◆ Aim of the exercise ◆
Lines below starting with the line with "Synapse1/1 -> Sum2/1" and going on through the line with "Simple Membrane1/2 -> Simple Membrane/4" must be output exactly; the rest of the records must be left out.
-- Data for processing follows --
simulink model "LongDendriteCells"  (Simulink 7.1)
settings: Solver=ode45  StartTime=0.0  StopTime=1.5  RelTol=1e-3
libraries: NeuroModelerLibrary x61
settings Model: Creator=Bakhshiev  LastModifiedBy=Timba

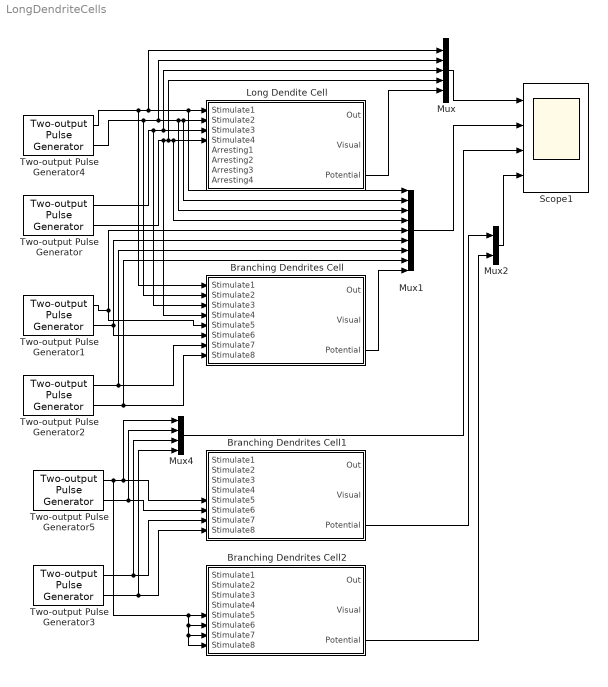
== system LongDendriteCells ==
  Branching Dendrites Cell : Subsystem  AncestorBlock=NeuroModelerLibrary/Dendrites Cells/Branching Dendrites Cell
  Branching Dendrites Cell1 : Subsystem  AncestorBlock=NeuroModelerLibrary/Dendrites Cells/Branching Dendrites Cell
  Branching Dendrites Cell2 : Subsystem  AncestorBlock=NeuroModelerLibrary/Dendrites Cells/Branching Dendrites Cell
  Long Dendite Cell : Subsystem  AncestorBlock=NeuroModelerLibrary/Dendrites Cells/Long Dendite Cell
  Mux : Mux  Inputs=5
  Mux1 : Mux  Inputs=9
  Mux2 : Mux  Inputs=2
  Mux4 : Mux
  Scope1 : Scope  NumInputPorts=4
      settings: YMin=0~0~0~0  YMax=1~1~1~0.075  MaxDataPoints=5000000
  Two-output Pulse Generator : NeuroModelerLibrary/Support/Two-output Pulse Generator  SystemSampleTime=-1  A=1  P1=200  P2=200  PW=1  ST=0.001  OOn1=0.9  OOff1=1.0  OOn2=1.1  OOff2=1.2
  Two-output Pulse Generator1 : NeuroModelerLibrary/Support/Two-output Pulse Generator  SystemSampleTime=-1  A=1  P1=200  P2=200  PW=1  ST=0.001  OOn1=0.55  OOff1=0.6  OOn2=0.72  OOff2=0.8
  Two-output Pulse Generator2 : NeuroModelerLibrary/Support/Two-output Pulse Generator  SystemSampleTime=-1  A=1  P1=200  P2=200  PW=1  ST=0.001  OOn1=0.95  OOff1=1.1  OOn2=1.12  OOff2=1.2
  Two-output Pulse Generator3 : NeuroModelerLibrary/Support/Two-output Pulse Generator  SystemSampleTime=-1  A=1  P1=200  P2=200  PW=1  ST=0.001  OOn1=0.6  OOff1=0.7  OOn2=0.65  OOff2=0.7
  Two-output Pulse Generator4 : NeuroModelerLibrary/Support/Two-output Pulse Generator  SystemSampleTime=-1  A=1  P1=200  P2=200  PW=1  ST=0.001  OOn1=0.5  OOff1=0.6  OOn2=0.7  OOff2=0.8
  Two-output Pulse Generator5 : NeuroModelerLibrary/Support/Two-output Pulse Generator  SystemSampleTime=-1  A=1  P1=200  P2=200  PW=1  ST=0.001  OOn1=0.5  OOff1=0.6  OOn2=0.55  OOff2=0.6
  wires:
  Two-output Pulse Generator4/1 -> Mux/1, Long Dendite Cell/1(Stimulate1), Mux1/1, Branching Dendrites Cell/1(Stimulate1)
  Two-output Pulse Generator4/2 -> Mux/2, Long Dendite Cell/2(Stimulate2), Mux1/2, Mux1/3, Branching Dendrites Cell/2(Stimulate2)
  Mux/1 -> Scope1/1
  Two-output Pulse Generator/2 -> Mux/4, Long Dendite Cell/4(Stimulate4), Mux1/4, Branching Dendrites Cell/4(Stimulate4)
  Two-output Pulse Generator/1 -> Mux/3, Long Dendite Cell/3(Stimulate3), Branching Dendrites Cell/3(Stimulate3)
  Long Dendite Cell/3(Potential) -> Mux/5
  Two-output Pulse Generator1/1 -> Branching Dendrites Cell/5(Stimulate5), Mux1/5
  Two-output Pulse Generator1/2 -> Branching Dendrites Cell/6(Stimulate6), Mux1/6
  Two-output Pulse Generator2/1 -> Branching Dendrites Cell/7(Stimulate7), Mux1/7
  Two-output Pulse Generator2/2 -> Branching Dendrites Cell/8(Stimulate8), Mux1/8
  Two-output Pulse Generator5/1 -> Branching Dendrites Cell1/5(Stimulate5), Mux4/1, Branching Dendrites Cell2/5(Stimulate5), Branching Dendrites Cell2/6(Stimulate6), Branching Dendrites Cell2/7(Stimulate7), Branching Dendrites Cell2/8(Stimulate8)
  Two-output Pulse Generator5/2 -> Branching Dendrites Cell1/6(Stimulate6), Mux4/2
  Two-output Pulse Generator3/1 -> Branching Dendrites Cell1/7(Stimulate7), Mux4/3
  Two-output Pulse Generator3/2 -> Branching Dendrites Cell1/8(Stimulate8), Mux4/4
  Mux2/1 -> Scope1/4
  Branching Dendrites Cell2/3(Potential) -> Mux2/2
  Branching Dendrites Cell1/3(Potential) -> Mux2/1
  Mux4/1 -> Scope1/3
  Branching Dendrites Cell/3(Potential) -> Mux1/9
  Mux1/1 -> Scope1/2

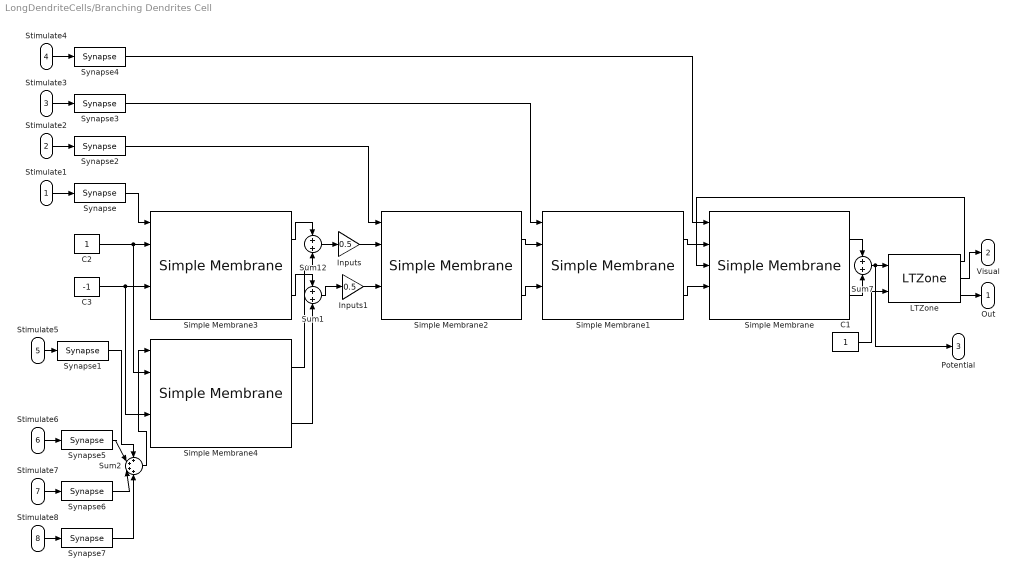
== system LongDendriteCells/Branching Dendrites Cell ==
  Stimulate1 : Inport  OutDataType=sfix(16)  OutScaling=2^0
  Stimulate2 : Inport  Port=2  OutDataType=sfix(16)  OutScaling=2^0
  Stimulate3 : Inport  Port=3  OutDataType=sfix(16)  OutScaling=2^0
  Stimulate4 : Inport  Port=4  OutDataType=sfix(16)  OutScaling=2^0
  Stimulate5 : Inport  Port=5  OutDataType=sfix(16)  OutScaling=2^0
  Stimulate6 : Inport  Port=6  OutDataType=sfix(16)  OutScaling=2^0
  Stimulate7 : Inport  Port=7  OutDataType=sfix(16)  OutScaling=2^0
  Stimulate8 : Inport  Port=8  OutDataType=sfix(16)  OutScaling=2^0
  C1 : Constant  OutDataType=sfix(16)  OutScaling=2^0
  C2 : Constant  OutDataType=sfix(16)  OutScaling=2^0
  C3 : Constant  Value=-1  OutDataType=sfix(16)  OutScaling=2^0
  Inputs : Gain  Gain=0.5  ParameterDataType=sfix(16)  ParameterScaling=2^0  OutDataType=sfix(16)  OutScaling=2^0  OutDataTypeStr=Inherit: Same as input  ParamDataTypeStr=Inherit: Same as input
  Inputs1 : Gain  Gain=0.5  ParameterDataType=sfix(16)  ParameterScaling=2^0  OutDataType=sfix(16)  OutScaling=2^0  OutDataTypeStr=Inherit: Same as input  ParamDataTypeStr=Inherit: Same as input
  LTZone : NeuroModelerLibrary/Neuron Elements/LTZone  SystemSampleTime=-1  NM=1  FB=2  IT=0.005  T=0.1
  Simple Membrane{,1..4} (5 alike) : NeuroModelerLibrary/Neuron Elements/Simple Membrane  SystemSampleTime=-1  ACm=1e-9  ARm=1e7  ECm=1e-9  ERm=1e7  ARFm=1e8  ERFm=1e8
  Sum1 : Sum  OutDataType=sfix(16)  OutScaling=2^0  SaturateOnIntegerOverflow=on  InputSameDT=on  OutDataTypeStr=Inherit: Same as first input
  Sum12 : Sum  OutDataType=sfix(16)  OutScaling=2^0  SaturateOnIntegerOverflow=on  InputSameDT=on  OutDataTypeStr=Inherit: Same as first input
  Sum2 : Sum  Inputs=++++  OutDataType=sfix(16)  OutScaling=2^0  SaturateOnIntegerOverflow=on  InputSameDT=on  OutDataTypeStr=Inherit: Same as first input
  Sum7 : Sum  OutDataType=sfix(16)  OutScaling=2^0  SaturateOnIntegerOverflow=on  InputSameDT=on  OutDataTypeStr=Inherit: Same as first input
  Synapse{,1..7} (8 alike) : NeuroModelerLibrary/Neuron Elements/Synapse  SystemSampleTime=-1  SecretionTC=0.001  DecompositionTC=0.01  ksi=1  gamma=1e8
  Out : Outport  OutDataType=sfix(16)  OutScaling=2^0
  Visual : Outport  Port=2  OutDataType=sfix(16)  OutScaling=2^0
  Potential : Outport  Port=3  OutDataType=sfix(16)  OutScaling=2^0
  wires:
  Synapse5/1 -> Sum2/2
  Inputs1/1 -> Simple Membrane2/4
  Inputs/1 -> Simple Membrane2/2
  Synapse1/1 -> Sum2/1
  Sum2/1 -> Simple Membrane4/1
  Simple Membrane2/2 -> Simple Membrane1/4
  Simple Membrane2/1 -> Simple Membrane1/2
  Simple Membrane3/1 -> Sum12/1
  Simple Membrane3/2 -> Sum1/1
  Sum1/1 -> Inputs1/1
  Sum12/1 -> Inputs/1
  Simple Membrane4/1 -> Sum12/2
  Simple Membrane4/2 -> Sum1/2
  Simple Membrane/2 -> Sum7/2
  Simple Membrane/1 -> Sum7/1
  LTZone/1 -> Simple Membrane/3
  Sum7/1 -> LTZone/1, Potential/1
  Simple Membrane1/2 -> Simple Membrane/4
  Simple Membrane1/1 -> Simple Membrane/2
  Stimulate5/1 -> Synapse1/1
  Stimulate1/1 -> Synapse/1
  C1/1 -> LTZone/2
  LTZone/3 -> Out/1
  LTZone/2 -> Visual/1
  C3/1 -> Simple Membrane3/4, Simple Membrane4/4
  C2/1 -> Simple Membrane3/2, Simple Membrane4/2
  Synapse/1 -> Simple Membrane3/1
  Synapse2/1 -> Simple Membrane2/1
  Stimulate2/1 -> Synapse2/1
  Synapse3/1 -> Simple Membrane1/1
  Stimulate3/1 -> Synapse3/1
  Synapse4/1 -> Simple Membrane/1
  Stimulate4/1 -> Synapse4/1
  Stimulate6/1 -> Synapse5/1
  Stimulate7/1 -> Synapse6/1
  Synapse6/1 -> Sum2/3
  Stimulate8/1 -> Synapse7/1
  Synapse7/1 -> Sum2/4

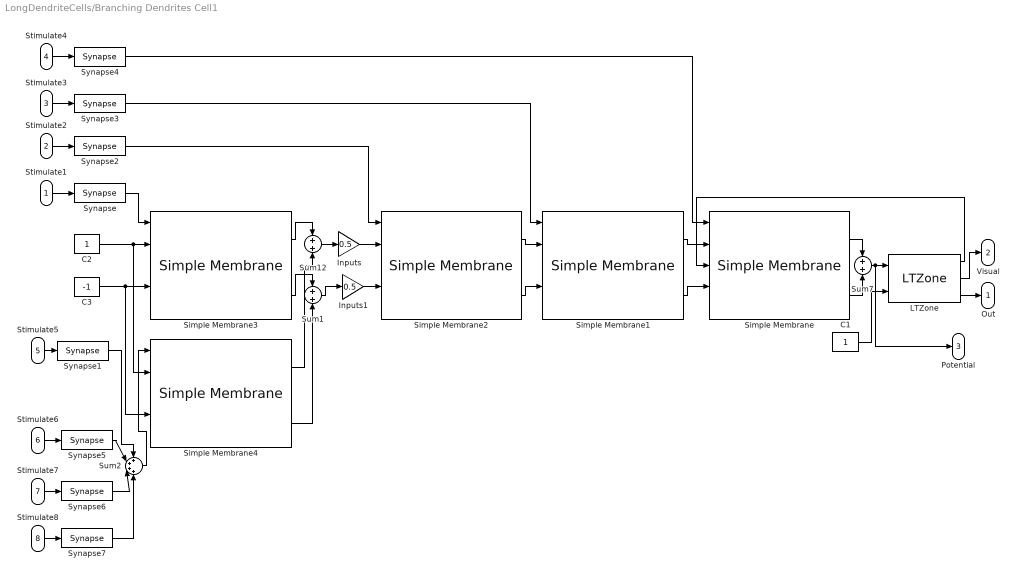
== system LongDendriteCells/Branching Dendrites Cell1 ==
  Stimulate1 : Inport  OutDataType=sfix(16)  OutScaling=2^0
  Stimulate2 : Inport  Port=2  OutDataType=sfix(16)  OutScaling=2^0
  Stimulate3 : Inport  Port=3  OutDataType=sfix(16)  OutScaling=2^0
  Stimulate4 : Inport  Port=4  OutDataType=sfix(16)  OutScaling=2^0
  Stimulate5 : Inport  Port=5  OutDataType=sfix(16)  OutScaling=2^0
  Stimulate6 : Inport  Port=6  OutDataType=sfix(16)  OutScaling=2^0
  Stimulate7 : Inport  Port=7  OutDataType=sfix(16)  OutScaling=2^0
  Stimulate8 : Inport  Port=8  OutDataType=sfix(16)  OutScaling=2^0
  C1 : Constant  OutDataType=sfix(16)  OutScaling=2^0
  C2 : Constant  OutDataType=sfix(16)  OutScaling=2^0
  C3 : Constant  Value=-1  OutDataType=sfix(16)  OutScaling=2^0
-- Data for processing concluded --
◆ Response below ◆
  Synapse1/1 -> Sum2/1
  Sum2/1 -> Simple Membrane4/1
  Simple Membrane2/2 -> Simple Membrane1/4
  Simple Membrane2/1 -> Simple Membrane1/2
  Simple Membrane3/1 -> Sum12/1
  Simple Membrane3/2 -> Sum1/1
  Sum1/1 -> Inputs1/1
  Sum12/1 -> Inputs/1
  Simple Membrane4/1 -> Sum12/2
  Simple Membrane4/2 -> Sum1/2
  Simple Membrane/2 -> Sum7/2
  Simple Membrane/1 -> Sum7/1
  LTZone/1 -> Simple Membrane/3
  Sum7/1 -> LTZone/1, Potential/1
  Simple Membrane1/2 -> Simple Membrane/4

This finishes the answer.